In another full-circle career development, it was Def Leppard’s ability to adapt — not just to personal tragedy, but to new studio technology, which they embraced while recording 1987’s Hysteria after Allen’s accident — that helped them create Diamond Star Halos under difficult and unforeseen circumstances. Literally within an hour of learning that their 2020 tour with Mötley Crüe, Poison, and Joan Jett had been indefinitely delayed due to the COVID-19 pandemic, “We took one phone call — 30 minutes — to go, ‘F*** that! We're gonna do this!’” The Leppard members, spread out across Ireland, England, and the United States, immediately began working remotely, a process that Collen surprisingly describes as “totally a dream.”

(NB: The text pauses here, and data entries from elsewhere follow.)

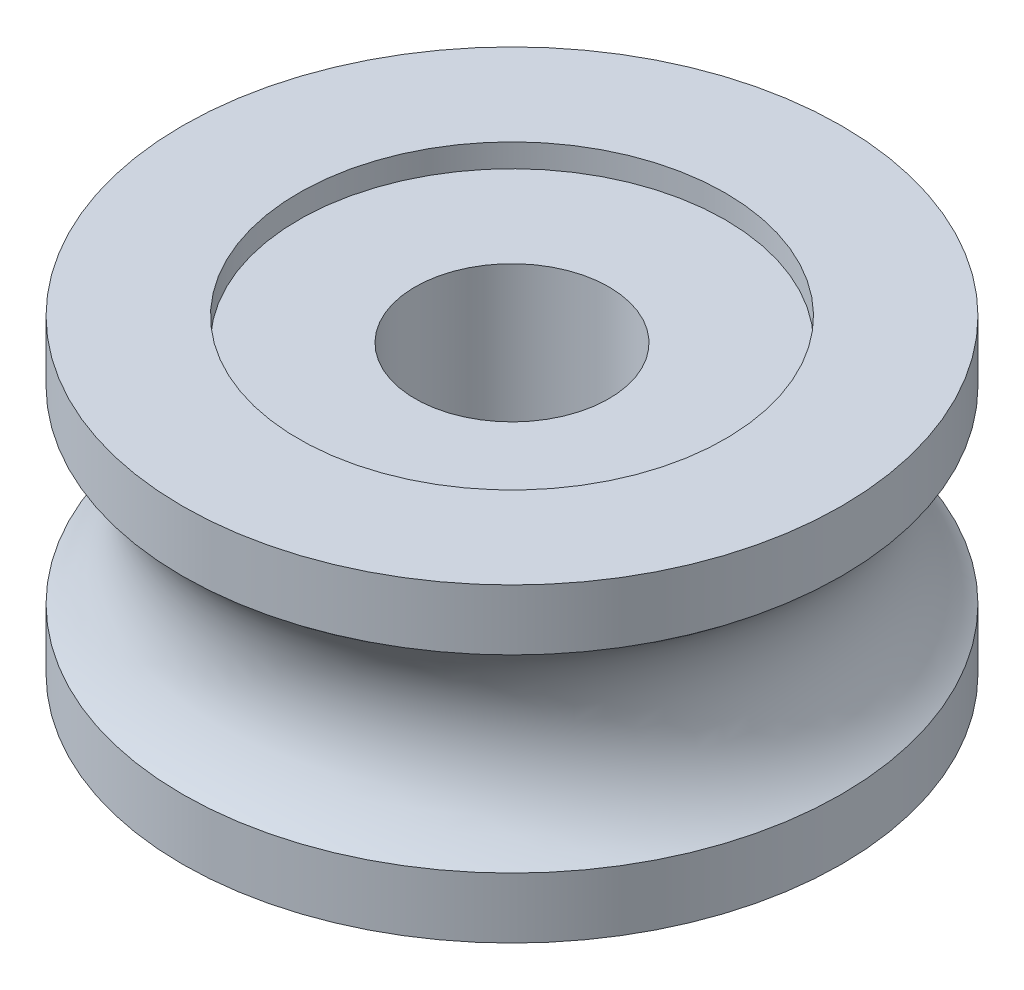
SolidWorks part; units mm, degrees
ref_plane "Спереди" through (0, 0, 0) normal (0, 0, 1) x (1, 0, 0)
ref_plane "Сверху" through (0, 0, 0) normal (0, 1, 0) x (1, 0, 0)
ref_plane "Справа" through (0, 0, 0) normal (1, 0, 0) x (0, 0, -1)
sketch "Эскиз1" plane through (0, 0, 0) normal (0, 0, 1) x (1, 0, 0)
  line L0 (2.5, -4.6) -> (2.5, 4.6)
  line L3 (8.5, -2.8) -> (4.3, -2.8)
  line L4 (4.3, -2.8) -> (4.3, -4.6)
  line L5 (4.3, -4.6) -> (2.5, -4.6)
  line L6 (0, 0) -> (0, 5.6) construction
  line L7 (8.5, -2.8) -> (8.5, -1.2367)
  line L8 (8.5, 5.2) -> (8.5, 3.6367)
  line L9 (8.5, 5.2) -> (5.5, 5.2)
  line L10 (5.5, 5.2) -> (5.5, 4.6)
  line L11 (5.5, 4.6) -> (2.5, 4.6)
  arc A0 (8.5, 3.6367) -> (8.5, -1.2367) centre (10.25, 1.2) ccw
  point P2 (2.5, 0)
  dimension "D2" = 3
  dimension "D1" = 2.5
  dimension "D3" = 4.3
  dimension "D4" = 8
  dimension "D5" = 10.25
  dimension "D6" = 9.8
  dimension "D7" = 8.5
  dimension "D8" = 0.6
  dimension "D9" = 5.5
revolve "Повернуть1" add sketch "Эскиз1" angle 360 about L6
ref_plane "Плоскость1" through (0, 1.2, 0) normal (0, 1, 0) x (1, 0, 0)

“I don't think we ever want to go back to recording the traditional sense ever again, because it was inspiring working this way,” raves Elliott. “There was no time limit. We didn't have a deal. When we started the record, we didn't have an end date. So, we just did this as a piece of art. And it worked out amazingly. … In fact, it enhanced the songwriting. It took the blinkers off. It broadened our horizons. Nothing was off the table. When Phil said, ‘I've got a song with a ukulele in it,’ I'm like, ‘OK, great!’ I said, ‘I've written two on the piano,’ and he's like, ‘Fine!’ And then he's like, ‘Let's get Alison Kraus on board! Let's get [longtime Bowie pianist] Mike Garson on board!’

“This is technology coming to our advantage once again, similar to how it was in the ‘80s with the studio gear,” Elliott explains. “But this time, it was the internet. It was all the applications that you can use on a laptop to literally turn a MacBook pro into the new Abbey Road.”